## Aim of the task:
Everything from the first line of the data through the line with "doc.linetypes.add('HIDDEN', pattern=[0.375, 0.25, -0.125])" is to be echoed exactly, minus the pictures.

=-=-=-=-=

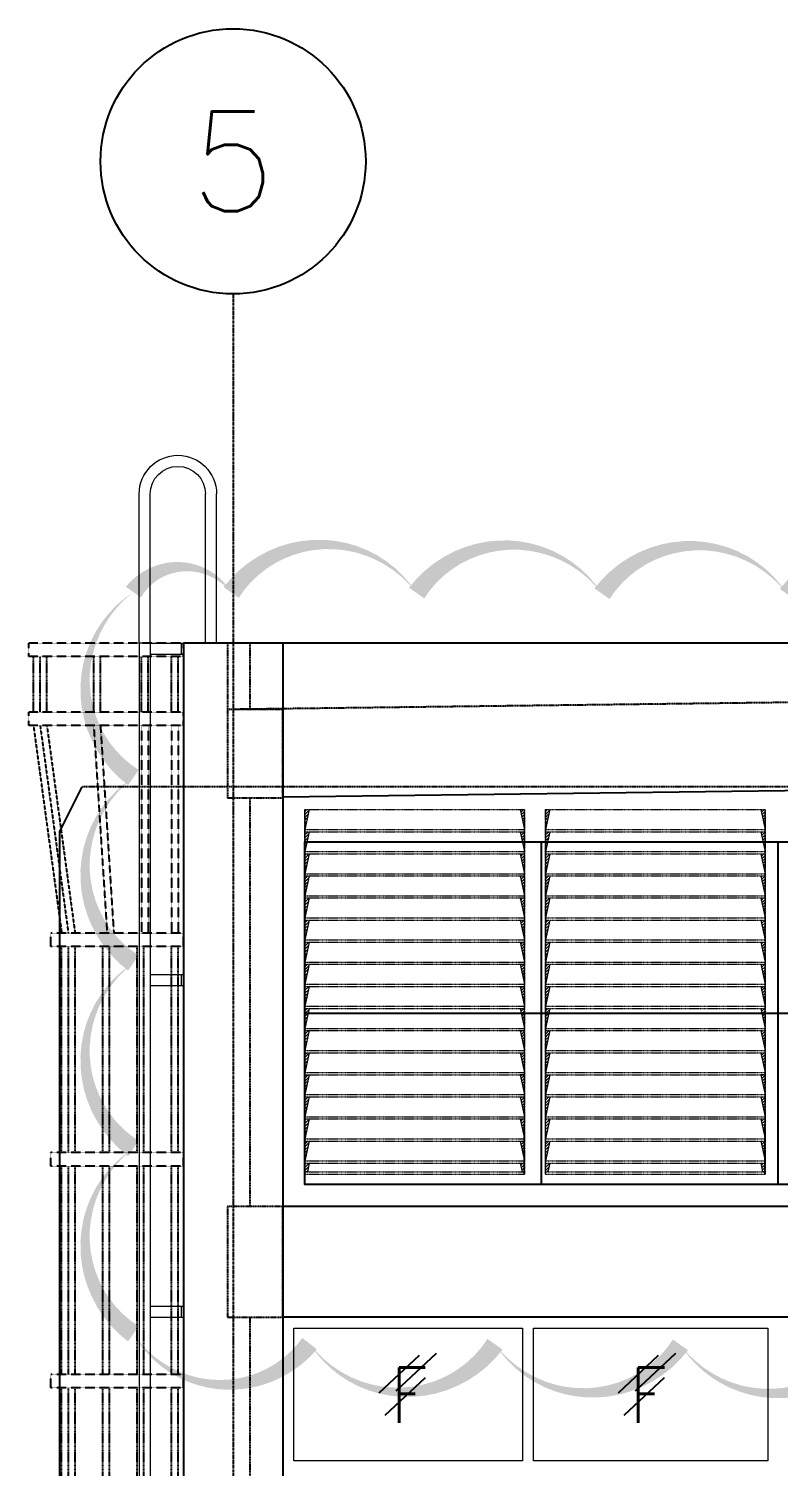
# Model space of a CAD drawing. Header units: inches. Extents: x 102027 to 175311, y -32523 to 10797.
# Drawn here: x 149786 to 153179, y -26188 to -19683 of the extents above; entities that cross this region are included whole.
import ezdxf
from ezdxf.enums import TextEntityAlignment as Align

# ---------------------------------------------------------------- set-up
doc = ezdxf.new("R2010")
doc.units = ezdxf.units.IN
doc.header["$MEASUREMENT"] = 0
doc.linetypes.add('CENTER', pattern=[2, 1.25, -0.25, 0.25, -0.25])
doc.linetypes.add('HIDDEN', pattern=[0.375, 0.25, -0.125])
for name, color, linetype in [('1', 1, 'CENTER'), ('2', 2, 'HIDDEN'), ('GRID_TXT45', 4, 'Continuous'), ('M-HVAC-DUCT-NEW', 5, 'Continuous'), ('M-X-BKGD', 8, 'Continuous')]:
    doc.layers.add(name, color=color, linetype=linetype)
doc.layers.add('DIM', color=251, linetype='Continuous', lineweight=0)
doc.layers.add('grid nos', color=253, linetype='Continuous', lineweight=0)
doc.styles.add('SIMPLEX', font='simplex.shx')

# ---------------------------------------------------------------- blocks, each defined once
blk = doc.blocks.new('GRID_SYM')
at = {"color": 2}
blk.add_circle((0, 6), 6, dxfattribs=at)
at = {"layer": 'GRID_TXT45', "color": 4, "style": 'SIMPLEX'}
blk.add_attdef('GRD_TXT', text='', height=4.5, dxfattribs=at).set_placement((0, 6), align=Align.MIDDLE_CENTER)
blk = doc.blocks.new('C')
at = {"layer": '1', "color": 8}
for points in [[(73652.8, 27595), (73652.8, 27847)], [(73683.1, 27595), (73683.1, 27847)], [(73788.2, 27595), (73788.2, 27847)], [(73818.5, 27595), (73818.5, 27847)], [(74004.1, 27595), (74004.1, 27847)], [(74034.5, 27595), (74034.5, 27847)], [(74246.7, 27595), (74246.7, 27847)], [(74277.1, 27595), (74277.1, 27847)], [(74307.4, 27595), (74307.4, 27847)], [(73652.8, 25602), (73652.8, 26534.4)], [(73683.1, 25602), (73683.1, 26534.4)], [(73808.2, 25602), (73808.2, 26534.4)], [(73838.5, 25602), (73838.5, 26534.4)], [(73963.6, 25602), (73963.6, 26534.4)], [(73993.9, 25602), (73993.9, 26534.4)], [(74119, 25602), (74119, 26534.4)], [(74149.3, 25602), (74149.3, 26534.4)], [(74179.6, 25602), (74179.6, 26534.4)], [(73652.8, 24598.5), (73652.8, 25541.4)], [(73683.1, 24598.5), (73683.1, 25541.4)], [(73808.2, 24598.5), (73808.2, 25541.4)], [(73838.5, 24598.5), (73838.5, 25541.4)], [(73963.6, 24598.5), (73963.6, 25541.4)], [(73993.9, 24598.5), (73993.9, 25541.4)], [(74119, 24598.5), (74119, 25541.4)], [(74149.3, 24598.5), (74149.3, 25541.4)], [(74179.6, 24598.5), (74179.6, 25541.4)], [(73652.8, 23584.4), (73652.8, 24537.9)], [(73683.1, 23584.4), (73683.1, 24537.9)], [(73808.2, 23584.4), (73808.2, 24537.9)], [(73838.5, 23584.4), (73838.5, 24537.9)], [(73963.6, 23584.4), (73963.6, 24537.9)], [(73993.9, 23584.4), (73993.9, 24537.9)], [(74119, 23584.4), (74119, 24537.9)], [(74149.3, 23584.4), (74149.3, 24537.9)], [(74179.6, 23584.4), (74179.6, 24537.9)]]:
    blk.add_lwpolyline(points, dxfattribs=at)
at = {"layer": '2', "color": 8}
for p, q in [((73628.6, 27847), (73628.6, 27907.6)), ((73628.6, 27907.6), (74328.6, 27907.6)), ((73628.6, 27847), (74328.6, 27847)), ((74328.6, 27847), (74328.6, 27907.6)), ((73628.6, 27534.4), (73628.6, 27595)), ((73628.6, 27595), (74328.6, 27595)), ((74328.6, 27534.4), (74328.6, 27595)), ((73628.6, 27534.4), (74328.6, 27534.4)), ((73652.8, 27534.4), (73652.8, 26595)), ((73683.1, 27534.4), (73683.1, 26595)), ((73788.2, 27534.4), (73788.2, 26595)), ((73818.5, 27534.4), (73818.5, 26595)), ((74004.2, 27533.4), (73943.6, 26595)), ((74034.5, 27531.4), (73973.9, 26593)), ((74246.8, 27536.2), (74119, 26595)), ((74277.1, 27535.3), (74149.3, 26595)), ((74307.4, 27534.4), (74179.6, 26595)), ((73628.6, 26534.4), (73628.6, 26595)), ((73628.6, 26595), (74228.6, 26595)), ((74228.6, 26534.4), (74228.6, 26595)), ((73628.6, 26534.4), (74228.6, 26534.4)), ((73628.6, 25541.4), (73628.6, 25602)), ((73628.6, 25602), (74228.6, 25602)), ((74228.6, 25541.4), (74228.6, 25602)), ((73628.6, 25541.4), (74228.6, 25541.4)), ((73628.6, 24537.9), (73628.6, 24598.5)), ((73628.6, 24598.5), (74228.6, 24598.5)), ((74228.6, 24537.9), (74228.6, 24598.5)), ((73628.6, 24537.9), (74228.6, 24537.9)), ((73628.6, 23523.8), (73628.6, 23584.4)), ((73628.6, 23584.4), (74228.6, 23584.4)), ((74228.6, 23523.8), (74228.6, 23584.4)), ((73628.6, 23523.8), (74228.6, 23523.8)), ((73652.8, 22584.4), (73652.8, 23523.8)), ((73683.1, 22584.4), (73683.1, 23523.8)), ((73808.2, 22584.4), (73808.2, 23523.8)), ((73838.5, 22584.4), (73838.5, 23523.8)), ((74024.2, 22585.3), (73963.6, 23523.8)), ((74054.5, 22587.3), (73993.9, 23525.7)), ((74246.8, 22582.6), (74119, 23523.8)), ((74277.1, 22583.5), (74149.3, 23523.8)), ((74307.4, 22584.4), (74179.6, 23523.8)), ((73628.6, 22523.8), (73628.6, 22584.4)), ((73628.6, 22584.4), (74328.6, 22584.4)), ((74328.6, 22523.8), (74328.6, 22584.4)), ((73628.6, 22523.8), (74328.6, 22523.8))]:
    blk.add_line(p, q, dxfattribs=at)
blk = doc.blocks.new('V')
at = {"layer": 'DIM', "color": 8, "lineweight": 0}
for p, q in [((87593.4, 27907.6), (87593.4, 28582.6)), ((87643.4, 27907.6), (87643.4, 28582.6)), ((87893.4, 27907.6), (87893.4, 28582.6)), ((87943.4, 27907.6), (87943.4, 28582.6)), ((87743.4, 27907.6), (87743.4, 27857.6)), ((87893.4, 27907.6), (87743.4, 27907.6)), ((87893.4, 27857.6), (87743.4, 27857.6)), ((87753.4, 27907.6), (87753.4, 27857.6)), ((87893.4, 27907.6), (87943.4, 27907.6)), ((87893.4, 27907.6), (87893.4, 18057.6)), ((87943.4, 27907.6), (87943.4, 18057.6)), ((87743.4, 26407.6), (87743.4, 26357.6)), ((87893.4, 26407.6), (87743.4, 26407.6)), ((87893.4, 26357.6), (87743.4, 26357.6)), ((87753.4, 26407.6), (87753.4, 26357.6)), ((87743.4, 24907.6), (87743.4, 24857.6)), ((87893.4, 24907.6), (87743.4, 24907.6)), ((87893.4, 24857.6), (87743.4, 24857.6)), ((87753.4, 24907.6), (87753.4, 24857.6))]:
    blk.add_line(p, q, dxfattribs=at)
for radius in [175, 125]:
    blk.add_arc((87768.4, 28582.6), radius, 0, 180, dxfattribs=at)
blk = doc.blocks.new('LOUVER VIL 3')
at = {"layer": '1', "color": 170, "lineweight": 0}
for p, q in [((101298.3, -12810.9), (102292.3, -12810.9)), ((101298.3, -14110.9), (101298.3, -12810.9)), ((101298.3, -12810.9), (101298.3, -14110.9)), ((102272.3, -12810.9), (102292.3, -12810.9)), ((102272.3, -12810.9), (102292.3, -12810.9)), ((102292.3, -14460.9), (102292.3, -12810.9)), ((102292.3, -12810.9), (102292.3, -14460.9)), ((102387.3, -12810.9), (103381.3, -12810.9)), ((102387.3, -14110.9), (102387.3, -12810.9)), ((102387.3, -12810.9), (102387.3, -14110.9)), ((103361.3, -12810.9), (103381.3, -12810.9)), ((103361.3, -12810.9), (103381.3, -12810.9)), ((103381.3, -14460.9), (103381.3, -12810.9)), ((103381.3, -12810.9), (103381.3, -14460.9)), ((101298.3, -12900.9), (102292.3, -12900.9)), ((101298.3, -12910.9), (102292.3, -12910.9)), ((102272.3, -12910.9), (102292.3, -12910.9)), ((102272.3, -12910.9), (102292.3, -12910.9)), ((102387.3, -12900.9), (103381.3, -12900.9)), ((102387.3, -12910.9), (103381.3, -12910.9)), ((103361.3, -12910.9), (103381.3, -12910.9)), ((103361.3, -12910.9), (103381.3, -12910.9)), ((101298.3, -13000.9), (102292.3, -13000.9)), ((102387.3, -13000.9), (103381.3, -13000.9)), ((101298.3, -13010.9), (102292.3, -13010.9)), ((102272.3, -13010.9), (102292.3, -13010.9)), ((102272.3, -13010.9), (102292.3, -13010.9)), ((102387.3, -13010.9), (103381.3, -13010.9)), ((103361.3, -13010.9), (103381.3, -13010.9)), ((103361.3, -13010.9), (103381.3, -13010.9)), ((101298.3, -13100.9), (102292.3, -13100.9)), ((101298.3, -13110.9), (102292.3, -13110.9)), ((102272.3, -13110.9), (102292.3, -13110.9)), ((102272.3, -13110.9), (102292.3, -13110.9)), ((102387.3, -13100.9), (103381.3, -13100.9)), ((102387.3, -13110.9), (103381.3, -13110.9)), ((103361.3, -13110.9), (103381.3, -13110.9)), ((103361.3, -13110.9), (103381.3, -13110.9)), ((101298.3, -13200.9), (102292.3, -13200.9)), ((102387.3, -13200.9), (103381.3, -13200.9)), ((101298.3, -13210.9), (102292.3, -13210.9)), ((102272.3, -13210.9), (102292.3, -13210.9)), ((102272.3, -13210.9), (102292.3, -13210.9)), ((102387.3, -13210.9), (103381.3, -13210.9)), ((103361.3, -13210.9), (103381.3, -13210.9)), ((103361.3, -13210.9), (103381.3, -13210.9)), ((101298.3, -13300.9), (102292.3, -13300.9)), ((101298.3, -13310.9), (102292.3, -13310.9)), ((102272.3, -13310.9), (102292.3, -13310.9)), ((102272.3, -13310.9), (102292.3, -13310.9)), ((102387.3, -13300.9), (103381.3, -13300.9)), ((102387.3, -13310.9), (103381.3, -13310.9)), ((103361.3, -13310.9), (103381.3, -13310.9)), ((103361.3, -13310.9), (103381.3, -13310.9)), ((101298.3, -13400.9), (102292.3, -13400.9)), ((102387.3, -13400.9), (103381.3, -13400.9)), ((101298.3, -13410.9), (102292.3, -13410.9)), ((102272.3, -13410.9), (102292.3, -13410.9)), ((102272.3, -13410.9), (102292.3, -13410.9)), ((102387.3, -13410.9), (103381.3, -13410.9)), ((103361.3, -13410.9), (103381.3, -13410.9)), ((103361.3, -13410.9), (103381.3, -13410.9)), ((101298.3, -13500.9), (102292.3, -13500.9)), ((101298.3, -13510.9), (102292.3, -13510.9)), ((102272.3, -13510.9), (102292.3, -13510.9)), ((102272.3, -13510.9), (102292.3, -13510.9)), ((102387.3, -13500.9), (103381.3, -13500.9)), ((102387.3, -13510.9), (103381.3, -13510.9)), ((103361.3, -13510.9), (103381.3, -13510.9)), ((103361.3, -13510.9), (103381.3, -13510.9)), ((101298.3, -13600.9), (102292.3, -13600.9)), ((101298.3, -13610.9), (102292.3, -13610.9)), ((102272.3, -13610.9), (102292.3, -13610.9)), ((102272.3, -13610.9), (102292.3, -13610.9)), ((102387.3, -13600.9), (103381.3, -13600.9)), ((102387.3, -13610.9), (103381.3, -13610.9)), ((103361.3, -13610.9), (103381.3, -13610.9)), ((103361.3, -13610.9), (103381.3, -13610.9)), ((101298.3, -13700.9), (102292.3, -13700.9)), ((101298.3, -13710.9), (102292.3, -13710.9)), ((102272.3, -13710.9), (102292.3, -13710.9)), ((102272.3, -13710.9), (102292.3, -13710.9)), ((102387.3, -13700.9), (103381.3, -13700.9)), ((102387.3, -13710.9), (103381.3, -13710.9)), ((103361.3, -13710.9), (103381.3, -13710.9)), ((103361.3, -13710.9), (103381.3, -13710.9)), ((101298.3, -13800.9), (102292.3, -13800.9)), ((101298.3, -13810.9), (102292.3, -13810.9)), ((102272.3, -13810.9), (102292.3, -13810.9)), ((102272.3, -13810.9), (102292.3, -13810.9)), ((102387.3, -13800.9), (103381.3, -13800.9)), ((102387.3, -13810.9), (103381.3, -13810.9)), ((103361.3, -13810.9), (103381.3, -13810.9)), ((103361.3, -13810.9), (103381.3, -13810.9)), ((101298.3, -13900.9), (102292.3, -13900.9)), ((101298.3, -13910.9), (102292.3, -13910.9)), ((102272.3, -13910.9), (102292.3, -13910.9)), ((102272.3, -13910.9), (102292.3, -13910.9)), ((102387.3, -13900.9), (103381.3, -13900.9)), ((102387.3, -13910.9), (103381.3, -13910.9)), ((103361.3, -13910.9), (103381.3, -13910.9)), ((103361.3, -13910.9), (103381.3, -13910.9)), ((101298.3, -14000.9), (102292.3, -14000.9)), ((101298.3, -14010.9), (102292.3, -14010.9)), ((102272.3, -14010.9), (102292.3, -14010.9)), ((102272.3, -14010.9), (102292.3, -14010.9)), ((102387.3, -14000.9), (103381.3, -14000.9)), ((102387.3, -14010.9), (103381.3, -14010.9)), ((103361.3, -14010.9), (103381.3, -14010.9)), ((103361.3, -14010.9), (103381.3, -14010.9)), ((101298.3, -14100.9), (102292.3, -14100.9)), ((101298.3, -14110.9), (102292.3, -14110.9)), ((102272.3, -14110.9), (102292.3, -14110.9)), ((102272.3, -14110.9), (102292.3, -14110.9)), ((102292.1, -14100.9), (102292.3, -14100.9)), ((102292.1, -14100.9), (102292.3, -14100.9)), ((102387.3, -14100.9), (103381.3, -14100.9)), ((102387.3, -14110.9), (103381.3, -14110.9)), ((103361.3, -14110.9), (103381.3, -14110.9)), ((103361.3, -14110.9), (103381.3, -14110.9)), ((103381.1, -14100.9), (103381.3, -14100.9)), ((103381.1, -14100.9), (103381.3, -14100.9)), ((101298.3, -14200.9), (102292.3, -14200.9)), ((101298.3, -14210.9), (102292.3, -14210.9)), ((102272.3, -14210.9), (102292.3, -14210.9)), ((102272.3, -14210.9), (102292.3, -14210.9)), ((102291.9, -14200.9), (102292.3, -14200.9)), ((102291.9, -14200.9), (102292.3, -14200.9)), ((102387.3, -14200.9), (103381.3, -14200.9)), ((102387.3, -14210.9), (103381.3, -14210.9)), ((103361.3, -14210.9), (103381.3, -14210.9)), ((103361.3, -14210.9), (103381.3, -14210.9)), ((103380.9, -14200.9), (103381.3, -14200.9)), ((103380.9, -14200.9), (103381.3, -14200.9)), ((101298.3, -14300.9), (102292.3, -14300.9)), ((101298.3, -14310.9), (102292.3, -14310.9)), ((102272.3, -14310.9), (102292.3, -14310.9)), ((102272.3, -14310.9), (102292.3, -14310.9)), ((102291.7, -14300.9), (102292.3, -14300.9)), ((102291.7, -14300.9), (102292.3, -14300.9)), ((102387.3, -14300.9), (103381.3, -14300.9)), ((102387.3, -14310.9), (103381.3, -14310.9)), ((103361.3, -14310.9), (103381.3, -14310.9)), ((103361.3, -14310.9), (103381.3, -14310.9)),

=-=-=-=-=

## Answer section:
# Model space of a CAD drawing. Header units: inches. Extents: x 102027 to 175311, y -32523 to 10797.
# Drawn here: x 149786 to 153179, y -26188 to -19683 of the extents above; entities that cross this region are included whole.
import ezdxf
from ezdxf.enums import TextEntityAlignment as Align

# ---------------------------------------------------------------- set-up
doc = ezdxf.new("R2010")
doc.units = ezdxf.units.IN
doc.header["$MEASUREMENT"] = 0
doc.linetypes.add('CENTER', pattern=[2, 1.25, -0.25, 0.25, -0.25])
doc.linetypes.add('HIDDEN', pattern=[0.375, 0.25, -0.125])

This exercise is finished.